Buscando a isla de Pascua : la pelicula perdida
Film hors compétition réalisé par Carmen E. Brito, produit par Andrea Seelenfreund et Leo Pakarati (60 minutes, Chili)
La salle est comble lorsque la projection de Buscando a isla de Pascua : la pelicula perdida commence, de nombreux étudiants trépignent d’impatience à l’idée d’assister à une projection en version originale en espagnol, sous-titrée en français. Dès les premières minutes, les images d’archives projetées sur fond de toere plongent la salle dans le silence… Et le public s’embarque sur les traces du couple de producteurs et réalisateurs Jorge Di Lauro et Nieves Yankovich, dont le film a été « oublié » depuis les années 1960. Retour sur le défi étonnant de Carmen E. Brito, réalisatrice du documentaire, par ailleurs restauratrice de films, qui a réussi à faire revivre ce documentaire inédit.
C’est en 1961 que Jorge Di Lauro et sa compagne Nieves Yankovich se lancent dans la réalisation d’un projet de film documentaire inédit à l’époque, portant sur la culture du peuple Rapanui, habitants de l’île de Pâques, à travers une approche pluridisciplinaire. Le sujet s’ouvre sur une séquence où une jeune femme Rapanui fredonne « je cueille du nehe nehe qui pousse sous les moai », première bribe de résultat du travail minutieux et exigeant réalisé par Carmen E. Brito, qui s’est attachée à reconstituer et à restaurer les pellicules « oubliées » depuis plus de cinquante ans, augmentées de scènes coupées, retrouvées dans une boîte de conserve !

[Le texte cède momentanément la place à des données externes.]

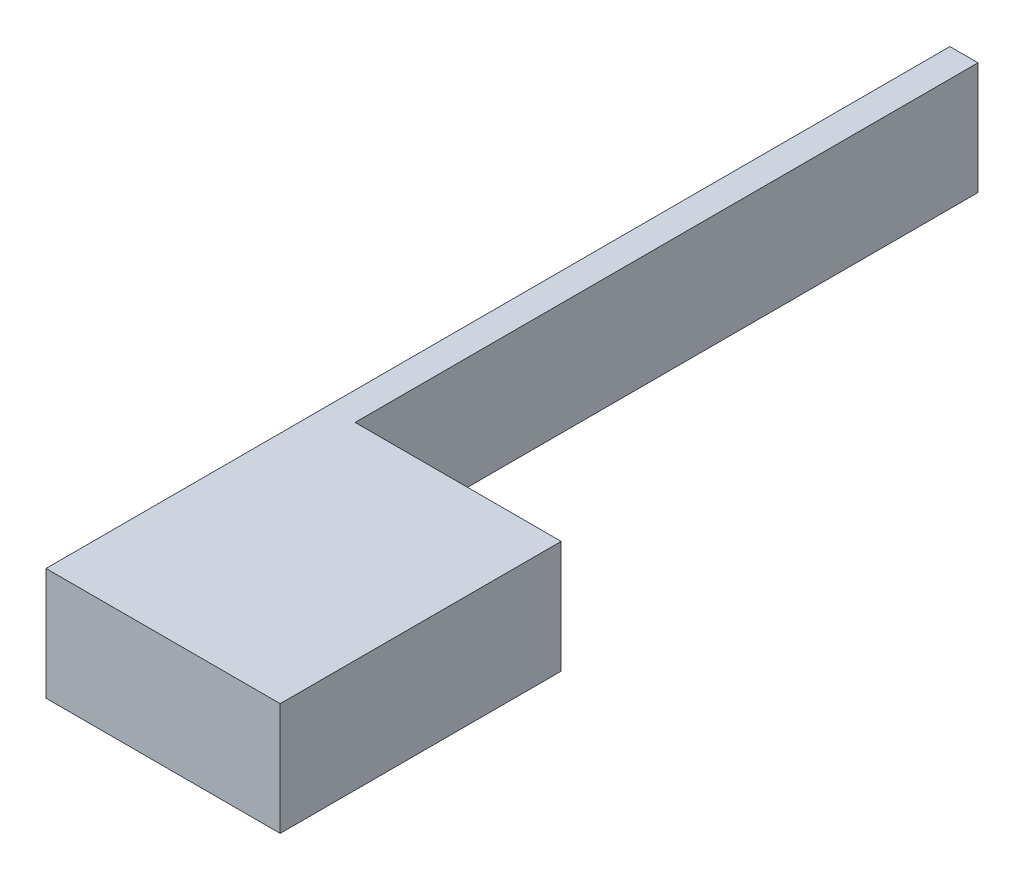
ISO-10303-21;
HEADER;
FILE_DESCRIPTION(('STEP AP214'),'2;1');
FILE_NAME('part.step','',(''),(''),'','','');
FILE_SCHEMA(('AUTOMOTIVE_DESIGN { 1 0 10303 214 1 1 1 1 }'));
ENDSEC;
DATA;
#1=APPLICATION_CONTEXT('core data for automotive mechanical design processes');
#2=APPLICATION_PROTOCOL_DEFINITION('international standard','automotive_design',2000,#1);
#3=PRODUCT_CONTEXT('',#1,'mechanical');
#4=PRODUCT('Part','Part','',(#3));
#5=PRODUCT_RELATED_PRODUCT_CATEGORY('part','',(#4));
#6=PRODUCT_DEFINITION_FORMATION('','',#4);
#7=PRODUCT_DEFINITION_CONTEXT('part definition',#1,'design');
#8=PRODUCT_DEFINITION('design','',#6,#7);
#9=PRODUCT_DEFINITION_SHAPE('','',#8);
#10=(LENGTH_UNIT() NAMED_UNIT(*) SI_UNIT(.MILLI.,.METRE.));
#11=(NAMED_UNIT(*) PLANE_ANGLE_UNIT() SI_UNIT($,.RADIAN.));
#12=(NAMED_UNIT(*) SI_UNIT($,.STERADIAN.) SOLID_ANGLE_UNIT());
#13=UNCERTAINTY_MEASURE_WITH_UNIT(LENGTH_MEASURE(1.E-05),#10,'distance_accuracy_value','');
#14=(GEOMETRIC_REPRESENTATION_CONTEXT(3) GLOBAL_UNCERTAINTY_ASSIGNED_CONTEXT((#13)) GLOBAL_UNIT_ASSIGNED_CONTEXT((#10,
#11,#12)) REPRESENTATION_CONTEXT('',''));
#15=CARTESIAN_POINT('',(0.,0.,0.));
#16=DIRECTION('',(0.,0.,1.));
#17=DIRECTION('',(1.,0.,0.));
#18=AXIS2_PLACEMENT_3D('',#15,#16,#17);
#19=CARTESIAN_POINT('',(3.,0.,0.));
#20=DIRECTION('',(-1.,0.,0.));
#21=DIRECTION('',(0.,0.,1.));
#22=AXIS2_PLACEMENT_3D('',#19,#20,#21);
#23=PLANE('',#22);
#24=DIRECTION('',(0.,1.,0.));
#25=VECTOR('',#24,1.);
#26=CARTESIAN_POINT('',(3.,12.,-30.));
#27=LINE('',#26,#25);
#28=CARTESIAN_POINT('',(3.,0.,-30.));
#29=VERTEX_POINT('',#28);
#30=CARTESIAN_POINT('',(3.,12.,-30.));
#31=VERTEX_POINT('',#30);
#32=EDGE_CURVE('E48',#29,#31,#27,.T.);
#33=ORIENTED_EDGE('',*,*,#32,.F.);
#34=DIRECTION('',(0.,0.,-1.));
#35=VECTOR('',#34,1.);
#36=CARTESIAN_POINT('',(3.,0.,0.));
#37=LINE('',#36,#35);
#38=CARTESIAN_POINT('',(3.,0.,-96.5));
#39=VERTEX_POINT('',#38);
#40=EDGE_CURVE('E85',#29,#39,#37,.T.);
#41=ORIENTED_EDGE('',*,*,#40,.T.);
#42=DIRECTION('',(0.,1.,0.));
#43=VECTOR('',#42,1.);
#44=CARTESIAN_POINT('',(3.,0.,-96.5));
#45=LINE('',#44,#43);
#46=CARTESIAN_POINT('',(3.,12.,-96.5));
#47=VERTEX_POINT('',#46);
#48=EDGE_CURVE('E54',#39,#47,#45,.T.);
#49=ORIENTED_EDGE('',*,*,#48,.T.);
#50=DIRECTION('',(0.,0.,1.));
#51=VECTOR('',#50,1.);
#52=CARTESIAN_POINT('',(3.,12.,0.));
#53=LINE('',#52,#51);
#54=EDGE_CURVE('E95',#47,#31,#53,.T.);
#55=ORIENTED_EDGE('',*,*,#54,.T.);
#56=EDGE_LOOP('',(#33,#41,#49,#55));
#57=FACE_BOUND('',#56,.T.);
#58=ADVANCED_FACE('F33',(#57),#23,.F.);
#59=CARTESIAN_POINT('',(3.,0.,0.));
#60=DIRECTION('',(0.,0.,-1.));
#61=DIRECTION('',(-1.,0.,0.));
#62=AXIS2_PLACEMENT_3D('',#59,#60,#61);
#63=PLANE('',#62);
#64=DIRECTION('',(0.,-1.,0.));
#65=VECTOR('',#64,1.);
#66=CARTESIAN_POINT('',(0.,0.,0.));
#67=LINE('',#66,#65);
#68=CARTESIAN_POINT('',(0.,12.,0.));
#69=VERTEX_POINT('',#68);
#70=CARTESIAN_POINT('',(0.,0.,0.));
#71=VERTEX_POINT('',#70);
#72=EDGE_CURVE('E92',#69,#71,#67,.T.);
#73=ORIENTED_EDGE('',*,*,#72,.T.);
#74=DIRECTION('',(-1.,0.,0.));
#75=VECTOR('',#74,1.);
#76=CARTESIAN_POINT('',(3.,0.,0.));
#77=LINE('',#76,#75);
#78=CARTESIAN_POINT('',(25.,0.,0.));
#79=VERTEX_POINT('',#78);
#80=EDGE_CURVE('E11',#79,#71,#77,.T.);
#81=ORIENTED_EDGE('',*,*,#80,.F.);
#82=DIRECTION('',(0.,-1.,0.));
#83=VECTOR('',#82,1.);
#84=CARTESIAN_POINT('',(25.,12.,0.));
#85=LINE('',#84,#83);
#86=CARTESIAN_POINT('',(25.,12.,0.));
#87=VERTEX_POINT('',#86);
#88=EDGE_CURVE('E94',#87,#79,#85,.T.);
#89=ORIENTED_EDGE('',*,*,#88,.F.);
#90=DIRECTION('',(-1.,0.,0.));
#91=VECTOR('',#90,1.);
#92=CARTESIAN_POINT('',(3.,12.,0.));
#93=LINE('',#92,#91);
#94=EDGE_CURVE('E78',#87,#69,#93,.T.);
#95=ORIENTED_EDGE('',*,*,#94,.T.);
#96=EDGE_LOOP('',(#73,#81,#89,#95));
#97=FACE_BOUND('',#96,.T.);
#98=ADVANCED_FACE('F35',(#97),#63,.F.);
#99=CARTESIAN_POINT('',(3.,0.,0.));
#100=DIRECTION('',(0.,1.,0.));
#101=DIRECTION('',(0.,0.,1.));
#102=AXIS2_PLACEMENT_3D('',#99,#100,#101);
#103=PLANE('',#102);
#104=DIRECTION('',(0.,0.,-1.));
#105=VECTOR('',#104,1.);
#106=CARTESIAN_POINT('',(0.,0.,0.));
#107=LINE('',#106,#105);
#108=CARTESIAN_POINT('',(0.,0.,-96.5));
#109=VERTEX_POINT('',#108);
#110=EDGE_CURVE('E98',#71,#109,#107,.T.);
#111=ORIENTED_EDGE('',*,*,#110,.T.);
#112=DIRECTION('',(-1.,0.,0.));
#113=VECTOR('',#112,1.);
#114=CARTESIAN_POINT('',(3.,0.,-96.5));
#115=LINE('',#114,#113);
#116=EDGE_CURVE('E41',#39,#109,#115,.T.);
#117=ORIENTED_EDGE('',*,*,#116,.F.);
#118=ORIENTED_EDGE('',*,*,#40,.F.);
#119=DIRECTION('',(-1.,0.,0.));
#120=VECTOR('',#119,1.);
#121=CARTESIAN_POINT('',(25.,0.,-30.));
#122=LINE('',#121,#120);
#123=CARTESIAN_POINT('',(25.,0.,-30.));
#124=VERTEX_POINT('',#123);
#125=EDGE_CURVE('E99',#124,#29,#122,.T.);
#126=ORIENTED_EDGE('',*,*,#125,.F.);
#127=DIRECTION('',(0.,0.,-1.));
#128=VECTOR('',#127,1.);
#129=CARTESIAN_POINT('',(25.,0.,0.));
#130=LINE('',#129,#128);
#131=EDGE_CURVE('E119',#79,#124,#130,.T.);
#132=ORIENTED_EDGE('',*,*,#131,.F.);
#133=ORIENTED_EDGE('',*,*,#80,.T.);
#134=EDGE_LOOP('',(#111,#117,#118,#126,#132,#133));
#135=FACE_BOUND('',#134,.T.);
#136=ADVANCED_FACE('F114',(#135),#103,.F.);
#137=CARTESIAN_POINT('',(3.,0.,-96.5));
#138=DIRECTION('',(0.,0.,1.));
#139=DIRECTION('',(1.,0.,0.));
#140=AXIS2_PLACEMENT_3D('',#137,#138,#139);
#141=PLANE('',#140);
#142=DIRECTION('',(0.,1.,0.));
#143=VECTOR('',#142,1.);
#144=CARTESIAN_POINT('',(0.,0.,-96.5));
#145=LINE('',#144,#143);
#146=CARTESIAN_POINT('',(0.,12.,-96.5));
#147=VERTEX_POINT('',#146);
#148=EDGE_CURVE('E86',#109,#147,#145,.T.);
#149=ORIENTED_EDGE('',*,*,#148,.T.);
#150=DIRECTION('',(-1.,0.,0.));
#151=VECTOR('',#150,1.);
#152=CARTESIAN_POINT('',(3.,12.,-96.5));
#153=LINE('',#152,#151);
#154=EDGE_CURVE('E81',#47,#147,#153,.T.);
#155=ORIENTED_EDGE('',*,*,#154,.F.);
#156=ORIENTED_EDGE('',*,*,#48,.F.);
#157=ORIENTED_EDGE('',*,*,#116,.T.);
#158=EDGE_LOOP('',(#149,#155,#156,#157));
#159=FACE_BOUND('',#158,.T.);
#160=ADVANCED_FACE('F112',(#159),#141,.F.);
#161=CARTESIAN_POINT('',(3.,12.,0.));
#162=DIRECTION('',(0.,-1.,0.));
#163=DIRECTION('',(0.,0.,-1.));
#164=AXIS2_PLACEMENT_3D('',#161,#162,#163);
#165=PLANE('',#164);
#166=DIRECTION('',(0.,0.,1.));
#167=VECTOR('',#166,1.);
#168=CARTESIAN_POINT('',(0.,12.,0.));
#169=LINE('',#168,#167);
#170=EDGE_CURVE('E74',#147,#69,#169,.T.);
#171=ORIENTED_EDGE('',*,*,#170,.T.);
#172=ORIENTED_EDGE('',*,*,#94,.F.);
#173=DIRECTION('',(0.,0.,1.));
#174=VECTOR('',#173,1.);
#175=CARTESIAN_POINT('',(25.,12.,0.));
#176=LINE('',#175,#174);
#177=CARTESIAN_POINT('',(25.,12.,-30.));
#178=VERTEX_POINT('',#177);
#179=EDGE_CURVE('E133',#178,#87,#176,.T.);
#180=ORIENTED_EDGE('',*,*,#179,.F.);
#181=DIRECTION('',(-1.,0.,0.));
#182=VECTOR('',#181,1.);
#183=CARTESIAN_POINT('',(25.,12.,-30.));
#184=LINE('',#183,#182);
#185=EDGE_CURVE('E103',#178,#31,#184,.T.);
#186=ORIENTED_EDGE('',*,*,#185,.T.);
#187=ORIENTED_EDGE('',*,*,#54,.F.);
#188=ORIENTED_EDGE('',*,*,#154,.T.);
#189=EDGE_LOOP('',(#171,#172,#180,#186,#187,#188));
#190=FACE_BOUND('',#189,.T.);
#191=ADVANCED_FACE('F76',(#190),#165,.F.);
#192=CARTESIAN_POINT('',(0.,0.,0.));
#193=DIRECTION('',(-1.,0.,0.));
#194=DIRECTION('',(0.,0.,1.));
#195=AXIS2_PLACEMENT_3D('',#192,#193,#194);
#196=PLANE('',#195);
#197=ORIENTED_EDGE('',*,*,#72,.F.);
#198=ORIENTED_EDGE('',*,*,#170,.F.);
#199=ORIENTED_EDGE('',*,*,#148,.F.);
#200=ORIENTED_EDGE('',*,*,#110,.F.);
#201=EDGE_LOOP('',(#197,#198,#199,#200));
#202=FACE_BOUND('',#201,.T.);
#203=ADVANCED_FACE('F97',(#202),#196,.T.);
#204=CARTESIAN_POINT('',(25.,12.,-30.));
#205=DIRECTION('',(0.,0.,1.));
#206=DIRECTION('',(0.,-1.,0.));
#207=AXIS2_PLACEMENT_3D('',#204,#205,#206);
#208=PLANE('',#207);
#209=ORIENTED_EDGE('',*,*,#32,.T.);
#210=ORIENTED_EDGE('',*,*,#185,.F.);
#211=DIRECTION('',(0.,1.,0.));
#212=VECTOR('',#211,1.);
#213=CARTESIAN_POINT('',(25.,12.,-30.));
#214=LINE('',#213,#212);
#215=EDGE_CURVE('E130',#124,#178,#214,.T.);
#216=ORIENTED_EDGE('',*,*,#215,.F.);
#217=ORIENTED_EDGE('',*,*,#125,.T.);
#218=EDGE_LOOP('',(#209,#210,#216,#217));
#219=FACE_BOUND('',#218,.T.);
#220=ADVANCED_FACE('F137',(#219),#208,.F.);
#221=CARTESIAN_POINT('',(25.,0.,0.));
#222=DIRECTION('',(1.,0.,0.));
#223=DIRECTION('',(0.,0.,-1.));
#224=AXIS2_PLACEMENT_3D('',#221,#222,#223);
#225=PLANE('',#224);
#226=ORIENTED_EDGE('',*,*,#88,.T.);
#227=ORIENTED_EDGE('',*,*,#131,.T.);
#228=ORIENTED_EDGE('',*,*,#215,.T.);
#229=ORIENTED_EDGE('',*,*,#179,.T.);
#230=EDGE_LOOP('',(#226,#227,#228,#229));
#231=FACE_BOUND('',#230,.T.);
#232=ADVANCED_FACE('F132',(#231),#225,.T.);
#233=CLOSED_SHELL('',(#58,#98,#136,#160,#191,#203,#220,#232));
#234=MANIFOLD_SOLID_BREP('B2',#233);
#235=ADVANCED_BREP_SHAPE_REPRESENTATION('',(#18,#234),#14);
#236=SHAPE_DEFINITION_REPRESENTATION(#9,#235);
ENDSEC;
END-ISO-10303-21;

Outre la difficulté à restaurer des pellicules vieilles de près de cinquante ans, la démarche est d’autant plus cruciale qu’elle répond à une attente du peuple Rapanui : celle de restituer des vestiges culturels à la jeune génération, en revenant sur une époque dont subsistent peu de traces aujourd’hui, alors que la dictature chilienne sous Pinochet était encore en place. Un sujet polémique donc, à l’époque où les valeurs culturelles traditionnelles du peuple Rapanui étaient peu valorisées. Défi que Di Lauro et Yankovich relèvent avec brio : ils parviennent à saisir des scènes du quotidien (fêtes populaires, scènes de danses traditionnelles, pêche, chevauchées à cheval dans les plaines…) qui retranscrivent des scènes authentiques, parfois volées… Le spectateur constate cette émotion palpable dans les yeux du public Rapanui, qui traverse leurs visages tout au long des projections, ainsi que la nostalgie qui les habite, en particuliers les plus anciens, qui reconnaissent une grand-mère, un oncle, une cousine… Rires, surprises, pleurs parfois. « Nous nous sommes tous réunis dans une salle communale, et ensemble, nous avons ri et nous avons pleuré… » témoigne un Rapanui ému, fier de découvrir la valeur patrimoniale de ce documentaire, témoin de deux époques qui s’opposent, entre modernité et tradition.
Le documentaire, une fois les images montées et le travail de post-production effectué, fut diffusé dans un petit cinéma de Santiago du Chili en 1964, lors d’une unique projection en salle. Le couple Di Lauro et Yankovich a pourtant continué à effectuer des projections quotidiennes, dans un cadre intimiste et auprès de leurs proches, amis et aficionados d’un genre encore méconnu à l’époque, alors que les documentaires étaient considérés -du moins, au Chili- comme un art mineur, objet d’expression d’une poignée d’intellectuels en marge des grosses productions de cinéma. Leur souvenir est désormais vivant dans le coeur du public nombreux qui a assisté aux projections publiques à Rapa Nui, et aujourd’hui, des Polynésiens au FIFO !
Avis du public
Pierre-Henri Nadal – Professeur d’espagnol au lycée du Taaone, accompagnant sa classe de 2nde
Une projection très intéressante, qui atteste bien que la mémoire des Rapanui n’a pas été si bien conservée. Il me semble intéressant que l’on se soit intéressé à porter ce regard là, surtout dans les années 1960. Alors qu’en Polynésie, on a tout de même su préserver mieux qu’à Rapa Nui la culture traditionnelle.
C’est aussi une volonté en tant qu’enseignant de faire découvrir à mes élèves un documentaire en espagnol, qui porte sur la culture d’un peuple océanien et de les sensibiliser à cette question de sauvegarde de leur propre culture.
Corinne et Nicole
Une belle projection, on constate sincèrement l’émotion partagée par le public Rapanui lors de la découverte de ce film ! On a vraiment ressenti l’émotion liée à un thème aussi touchant et bouleversant.